(Data extracted from a collection)
<<<<

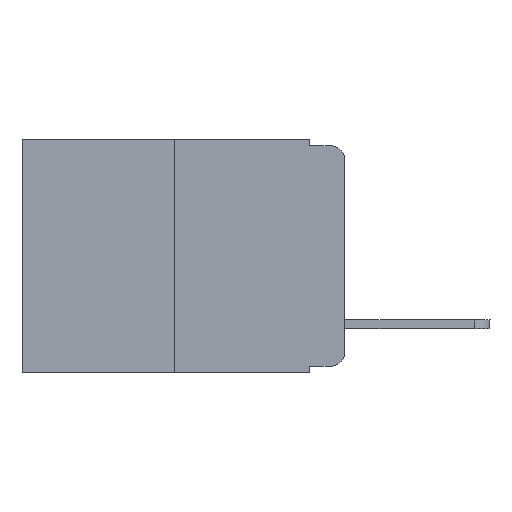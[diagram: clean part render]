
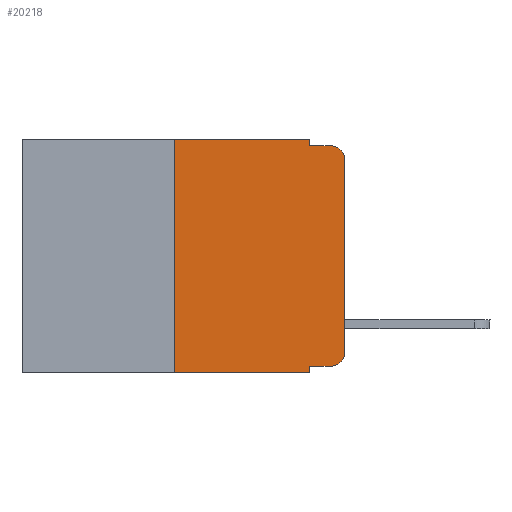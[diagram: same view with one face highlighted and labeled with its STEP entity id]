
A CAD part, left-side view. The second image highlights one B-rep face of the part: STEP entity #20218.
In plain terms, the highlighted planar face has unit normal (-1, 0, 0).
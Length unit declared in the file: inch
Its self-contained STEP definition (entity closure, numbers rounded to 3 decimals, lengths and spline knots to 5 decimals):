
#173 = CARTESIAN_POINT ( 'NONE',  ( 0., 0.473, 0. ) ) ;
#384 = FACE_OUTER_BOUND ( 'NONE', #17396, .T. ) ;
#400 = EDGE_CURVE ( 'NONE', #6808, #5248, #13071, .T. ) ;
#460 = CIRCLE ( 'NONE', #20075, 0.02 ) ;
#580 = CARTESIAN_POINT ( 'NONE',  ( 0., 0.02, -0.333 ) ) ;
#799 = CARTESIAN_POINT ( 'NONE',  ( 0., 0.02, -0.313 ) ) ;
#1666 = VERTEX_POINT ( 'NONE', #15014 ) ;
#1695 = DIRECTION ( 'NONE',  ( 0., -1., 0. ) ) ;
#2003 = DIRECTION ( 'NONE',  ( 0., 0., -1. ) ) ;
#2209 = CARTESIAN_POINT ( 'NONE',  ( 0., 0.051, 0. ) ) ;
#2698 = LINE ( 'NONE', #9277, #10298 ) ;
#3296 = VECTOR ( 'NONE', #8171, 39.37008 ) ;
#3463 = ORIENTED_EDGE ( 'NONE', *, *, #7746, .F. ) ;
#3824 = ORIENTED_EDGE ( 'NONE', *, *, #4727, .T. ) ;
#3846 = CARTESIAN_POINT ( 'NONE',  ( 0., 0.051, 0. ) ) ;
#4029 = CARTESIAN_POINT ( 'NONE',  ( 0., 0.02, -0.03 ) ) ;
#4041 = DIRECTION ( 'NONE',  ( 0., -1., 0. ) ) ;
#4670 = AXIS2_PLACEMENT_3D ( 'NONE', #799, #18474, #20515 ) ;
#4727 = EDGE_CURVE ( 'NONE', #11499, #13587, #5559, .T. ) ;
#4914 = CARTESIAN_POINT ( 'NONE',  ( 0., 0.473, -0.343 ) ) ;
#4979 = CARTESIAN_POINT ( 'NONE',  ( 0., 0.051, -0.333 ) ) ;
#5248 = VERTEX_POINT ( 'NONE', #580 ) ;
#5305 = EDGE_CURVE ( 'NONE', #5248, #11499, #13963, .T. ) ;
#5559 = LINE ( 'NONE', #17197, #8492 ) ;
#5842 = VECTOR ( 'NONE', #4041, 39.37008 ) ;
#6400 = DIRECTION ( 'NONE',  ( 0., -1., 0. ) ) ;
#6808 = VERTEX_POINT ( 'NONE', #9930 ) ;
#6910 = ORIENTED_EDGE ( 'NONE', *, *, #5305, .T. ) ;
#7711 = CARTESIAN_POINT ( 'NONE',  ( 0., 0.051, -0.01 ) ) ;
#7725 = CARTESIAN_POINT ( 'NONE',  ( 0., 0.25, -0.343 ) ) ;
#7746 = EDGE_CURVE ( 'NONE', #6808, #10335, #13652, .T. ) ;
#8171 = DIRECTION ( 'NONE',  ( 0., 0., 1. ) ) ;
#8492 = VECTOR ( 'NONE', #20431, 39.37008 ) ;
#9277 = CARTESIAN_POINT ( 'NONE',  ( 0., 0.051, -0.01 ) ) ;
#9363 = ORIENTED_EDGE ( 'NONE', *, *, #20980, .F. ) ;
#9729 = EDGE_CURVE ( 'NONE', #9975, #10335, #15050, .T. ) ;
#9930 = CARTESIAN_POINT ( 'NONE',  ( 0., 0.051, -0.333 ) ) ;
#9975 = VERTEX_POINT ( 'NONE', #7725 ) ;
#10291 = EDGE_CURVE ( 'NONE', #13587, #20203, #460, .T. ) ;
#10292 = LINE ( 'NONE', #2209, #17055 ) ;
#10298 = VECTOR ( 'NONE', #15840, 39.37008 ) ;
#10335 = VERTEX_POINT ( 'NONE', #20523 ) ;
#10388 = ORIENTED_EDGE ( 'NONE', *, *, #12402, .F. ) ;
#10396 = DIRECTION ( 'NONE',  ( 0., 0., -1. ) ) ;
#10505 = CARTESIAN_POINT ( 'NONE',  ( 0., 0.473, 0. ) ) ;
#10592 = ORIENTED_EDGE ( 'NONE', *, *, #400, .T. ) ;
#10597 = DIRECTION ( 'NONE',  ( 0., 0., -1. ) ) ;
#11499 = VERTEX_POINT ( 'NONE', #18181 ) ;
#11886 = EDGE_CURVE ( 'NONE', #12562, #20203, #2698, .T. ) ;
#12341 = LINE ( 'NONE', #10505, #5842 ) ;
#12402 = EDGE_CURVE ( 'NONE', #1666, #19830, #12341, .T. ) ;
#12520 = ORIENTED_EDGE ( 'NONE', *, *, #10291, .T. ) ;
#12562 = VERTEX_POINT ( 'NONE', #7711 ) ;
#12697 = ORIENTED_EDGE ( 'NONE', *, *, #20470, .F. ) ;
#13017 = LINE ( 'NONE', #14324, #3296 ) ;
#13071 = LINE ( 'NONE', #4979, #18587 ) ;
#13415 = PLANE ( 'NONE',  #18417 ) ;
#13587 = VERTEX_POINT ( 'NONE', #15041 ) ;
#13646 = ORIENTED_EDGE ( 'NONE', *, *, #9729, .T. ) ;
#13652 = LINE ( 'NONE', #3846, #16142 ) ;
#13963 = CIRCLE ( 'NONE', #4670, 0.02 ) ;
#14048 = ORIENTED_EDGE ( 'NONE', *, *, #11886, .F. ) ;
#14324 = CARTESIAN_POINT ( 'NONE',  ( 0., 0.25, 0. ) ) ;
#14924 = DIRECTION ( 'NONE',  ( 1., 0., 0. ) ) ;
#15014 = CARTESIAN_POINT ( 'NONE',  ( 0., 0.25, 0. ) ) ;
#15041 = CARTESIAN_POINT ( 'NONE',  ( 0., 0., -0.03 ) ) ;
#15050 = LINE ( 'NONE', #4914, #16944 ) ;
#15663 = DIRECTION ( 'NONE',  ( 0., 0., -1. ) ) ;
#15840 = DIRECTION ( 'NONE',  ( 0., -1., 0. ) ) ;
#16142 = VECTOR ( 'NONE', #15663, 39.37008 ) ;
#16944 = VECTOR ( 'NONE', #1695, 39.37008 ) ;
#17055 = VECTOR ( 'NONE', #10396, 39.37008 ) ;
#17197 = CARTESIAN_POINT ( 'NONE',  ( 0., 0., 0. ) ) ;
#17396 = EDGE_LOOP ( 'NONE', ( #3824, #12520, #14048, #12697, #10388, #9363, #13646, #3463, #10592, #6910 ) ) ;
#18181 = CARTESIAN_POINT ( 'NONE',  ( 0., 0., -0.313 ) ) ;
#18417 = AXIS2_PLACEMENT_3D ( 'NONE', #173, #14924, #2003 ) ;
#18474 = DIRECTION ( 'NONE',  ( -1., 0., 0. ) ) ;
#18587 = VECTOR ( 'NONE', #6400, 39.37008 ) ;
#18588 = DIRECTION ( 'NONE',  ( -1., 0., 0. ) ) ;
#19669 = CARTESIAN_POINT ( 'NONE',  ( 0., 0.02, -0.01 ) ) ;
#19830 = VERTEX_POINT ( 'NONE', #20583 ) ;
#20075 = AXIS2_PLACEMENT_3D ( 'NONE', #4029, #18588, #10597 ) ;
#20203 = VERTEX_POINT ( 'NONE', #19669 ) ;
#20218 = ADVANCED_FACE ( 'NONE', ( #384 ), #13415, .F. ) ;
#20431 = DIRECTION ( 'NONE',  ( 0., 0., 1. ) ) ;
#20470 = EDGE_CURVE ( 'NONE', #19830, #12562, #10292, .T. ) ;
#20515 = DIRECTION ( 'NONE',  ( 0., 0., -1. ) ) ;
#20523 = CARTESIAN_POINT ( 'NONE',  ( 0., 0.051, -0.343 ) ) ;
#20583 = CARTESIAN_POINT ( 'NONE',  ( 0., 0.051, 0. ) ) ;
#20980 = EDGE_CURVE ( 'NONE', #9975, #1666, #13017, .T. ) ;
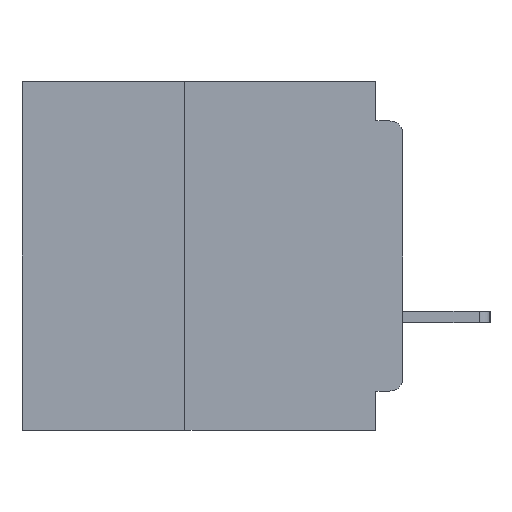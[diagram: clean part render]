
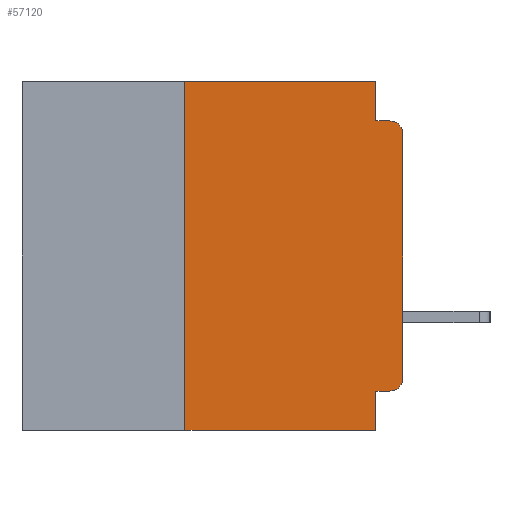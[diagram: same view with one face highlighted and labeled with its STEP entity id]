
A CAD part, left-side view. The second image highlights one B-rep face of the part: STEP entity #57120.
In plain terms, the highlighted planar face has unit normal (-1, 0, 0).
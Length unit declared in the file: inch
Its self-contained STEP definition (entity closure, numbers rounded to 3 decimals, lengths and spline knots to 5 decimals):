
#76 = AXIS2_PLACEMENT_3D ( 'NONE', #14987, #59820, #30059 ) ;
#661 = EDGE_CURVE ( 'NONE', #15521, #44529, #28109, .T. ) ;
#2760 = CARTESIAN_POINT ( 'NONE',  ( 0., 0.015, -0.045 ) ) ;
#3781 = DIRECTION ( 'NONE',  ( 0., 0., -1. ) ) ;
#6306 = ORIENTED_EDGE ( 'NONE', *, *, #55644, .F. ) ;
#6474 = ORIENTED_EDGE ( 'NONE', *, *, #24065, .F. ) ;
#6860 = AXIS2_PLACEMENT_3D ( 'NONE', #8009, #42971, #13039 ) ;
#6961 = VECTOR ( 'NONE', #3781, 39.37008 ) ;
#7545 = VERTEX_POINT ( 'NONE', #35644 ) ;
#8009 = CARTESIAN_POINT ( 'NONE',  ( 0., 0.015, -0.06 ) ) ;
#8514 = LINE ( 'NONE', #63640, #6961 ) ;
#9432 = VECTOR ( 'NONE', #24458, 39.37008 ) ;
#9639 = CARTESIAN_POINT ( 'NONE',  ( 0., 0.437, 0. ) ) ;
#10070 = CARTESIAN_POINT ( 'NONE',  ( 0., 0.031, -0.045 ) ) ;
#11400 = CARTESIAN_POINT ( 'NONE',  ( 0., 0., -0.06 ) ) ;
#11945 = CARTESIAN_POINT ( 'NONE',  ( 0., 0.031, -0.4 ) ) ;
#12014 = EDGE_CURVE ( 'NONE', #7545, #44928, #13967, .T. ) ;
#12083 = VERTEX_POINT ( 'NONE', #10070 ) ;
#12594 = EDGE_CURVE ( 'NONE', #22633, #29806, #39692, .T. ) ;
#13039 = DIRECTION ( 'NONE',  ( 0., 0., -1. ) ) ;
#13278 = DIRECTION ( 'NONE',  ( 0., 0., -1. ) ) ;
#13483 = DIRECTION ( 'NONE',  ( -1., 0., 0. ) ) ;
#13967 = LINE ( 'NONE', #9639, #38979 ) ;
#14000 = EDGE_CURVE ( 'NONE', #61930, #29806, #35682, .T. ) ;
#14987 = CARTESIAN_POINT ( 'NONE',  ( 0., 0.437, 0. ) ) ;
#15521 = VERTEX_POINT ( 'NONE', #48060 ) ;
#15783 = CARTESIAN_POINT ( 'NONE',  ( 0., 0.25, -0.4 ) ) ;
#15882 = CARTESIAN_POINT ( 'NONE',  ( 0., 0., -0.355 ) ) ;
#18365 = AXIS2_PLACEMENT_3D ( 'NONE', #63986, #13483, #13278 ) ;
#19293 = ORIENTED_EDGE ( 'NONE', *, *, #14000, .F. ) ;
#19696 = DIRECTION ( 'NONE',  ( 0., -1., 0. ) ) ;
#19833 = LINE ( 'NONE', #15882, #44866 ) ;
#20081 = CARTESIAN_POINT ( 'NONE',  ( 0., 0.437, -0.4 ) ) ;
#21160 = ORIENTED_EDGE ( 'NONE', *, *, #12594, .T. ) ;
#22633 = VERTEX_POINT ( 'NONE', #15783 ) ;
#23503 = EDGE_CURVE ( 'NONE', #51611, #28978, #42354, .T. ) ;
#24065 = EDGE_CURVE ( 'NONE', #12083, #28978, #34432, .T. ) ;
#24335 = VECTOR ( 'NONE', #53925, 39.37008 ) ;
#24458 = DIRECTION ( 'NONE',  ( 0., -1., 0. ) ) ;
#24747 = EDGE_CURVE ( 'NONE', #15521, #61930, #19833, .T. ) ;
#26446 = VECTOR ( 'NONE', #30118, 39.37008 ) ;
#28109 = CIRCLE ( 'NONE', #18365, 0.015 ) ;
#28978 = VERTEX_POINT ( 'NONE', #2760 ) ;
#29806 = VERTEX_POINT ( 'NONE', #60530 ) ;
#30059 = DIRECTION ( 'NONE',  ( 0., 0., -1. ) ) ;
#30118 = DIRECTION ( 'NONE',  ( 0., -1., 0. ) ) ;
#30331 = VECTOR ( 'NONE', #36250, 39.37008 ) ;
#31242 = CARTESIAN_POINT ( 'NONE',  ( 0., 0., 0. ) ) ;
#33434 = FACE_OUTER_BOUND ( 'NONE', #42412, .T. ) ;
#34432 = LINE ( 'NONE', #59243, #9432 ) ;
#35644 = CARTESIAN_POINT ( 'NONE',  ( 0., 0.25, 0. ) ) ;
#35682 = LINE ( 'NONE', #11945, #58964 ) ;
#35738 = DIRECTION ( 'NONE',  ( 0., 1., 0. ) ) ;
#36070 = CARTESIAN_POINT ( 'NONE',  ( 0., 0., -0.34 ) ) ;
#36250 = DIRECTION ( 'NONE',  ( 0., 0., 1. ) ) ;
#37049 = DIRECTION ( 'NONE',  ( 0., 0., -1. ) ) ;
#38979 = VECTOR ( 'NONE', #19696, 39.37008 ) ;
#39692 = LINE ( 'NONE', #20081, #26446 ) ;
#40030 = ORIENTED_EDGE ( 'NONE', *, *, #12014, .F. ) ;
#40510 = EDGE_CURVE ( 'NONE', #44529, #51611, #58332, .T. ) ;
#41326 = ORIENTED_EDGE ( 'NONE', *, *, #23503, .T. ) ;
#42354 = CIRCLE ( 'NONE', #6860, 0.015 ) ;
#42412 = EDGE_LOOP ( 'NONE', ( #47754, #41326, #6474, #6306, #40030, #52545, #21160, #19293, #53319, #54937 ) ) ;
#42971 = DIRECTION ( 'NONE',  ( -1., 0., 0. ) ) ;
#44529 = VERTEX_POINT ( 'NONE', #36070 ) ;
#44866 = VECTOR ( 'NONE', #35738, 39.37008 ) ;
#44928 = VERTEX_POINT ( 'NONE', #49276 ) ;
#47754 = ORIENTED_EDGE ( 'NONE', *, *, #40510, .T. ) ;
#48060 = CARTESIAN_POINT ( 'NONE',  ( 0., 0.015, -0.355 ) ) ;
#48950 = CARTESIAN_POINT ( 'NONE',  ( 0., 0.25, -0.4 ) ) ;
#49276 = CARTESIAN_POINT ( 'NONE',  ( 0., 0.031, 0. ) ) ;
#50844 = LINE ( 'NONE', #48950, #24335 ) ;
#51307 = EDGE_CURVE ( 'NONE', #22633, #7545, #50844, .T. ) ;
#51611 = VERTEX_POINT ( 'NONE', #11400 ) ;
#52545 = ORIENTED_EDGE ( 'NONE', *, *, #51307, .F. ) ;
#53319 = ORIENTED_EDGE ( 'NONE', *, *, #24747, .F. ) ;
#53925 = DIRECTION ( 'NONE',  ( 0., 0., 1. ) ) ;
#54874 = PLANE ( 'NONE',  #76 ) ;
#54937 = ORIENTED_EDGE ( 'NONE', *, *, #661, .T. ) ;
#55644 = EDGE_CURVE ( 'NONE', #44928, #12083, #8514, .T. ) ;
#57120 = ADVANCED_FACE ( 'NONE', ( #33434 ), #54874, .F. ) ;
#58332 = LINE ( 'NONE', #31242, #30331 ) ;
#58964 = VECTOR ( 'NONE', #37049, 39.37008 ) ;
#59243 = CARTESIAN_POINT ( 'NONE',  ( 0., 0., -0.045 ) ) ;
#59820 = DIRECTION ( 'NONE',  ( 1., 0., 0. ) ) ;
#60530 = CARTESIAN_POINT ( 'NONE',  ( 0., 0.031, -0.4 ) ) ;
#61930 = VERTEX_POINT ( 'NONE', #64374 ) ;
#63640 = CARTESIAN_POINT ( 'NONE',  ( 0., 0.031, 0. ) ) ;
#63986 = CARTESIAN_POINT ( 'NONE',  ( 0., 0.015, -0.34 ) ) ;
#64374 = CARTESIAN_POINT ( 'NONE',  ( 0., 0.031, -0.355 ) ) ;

>>>>

Reproduce exactly the lines above from the line with "#13646 = ORIENTED_EDGE" to the line with "#15050 = LINE ( 'NONE', #4914, #16944 ) ;", including both, and add nothing.

* Answer space *
#13646 = ORIENTED_EDGE ( 'NONE', *, *, #9729, .T. ) ;
#13652 = LINE ( 'NONE', #3846, #16142 ) ;
#13963 = CIRCLE ( 'NONE', #4670, 0.02 ) ;
#14048 = ORIENTED_EDGE ( 'NONE', *, *, #11886, .F. ) ;
#14324 = CARTESIAN_POINT ( 'NONE',  ( 0., 0.25, 0. ) ) ;
#14924 = DIRECTION ( 'NONE',  ( 1., 0., 0. ) ) ;
#15014 = CARTESIAN_POINT ( 'NONE',  ( 0., 0.25, 0. ) ) ;
#15041 = CARTESIAN_POINT ( 'NONE',  ( 0., 0., -0.03 ) ) ;
#15050 = LINE ( 'NONE', #4914, #16944 ) ;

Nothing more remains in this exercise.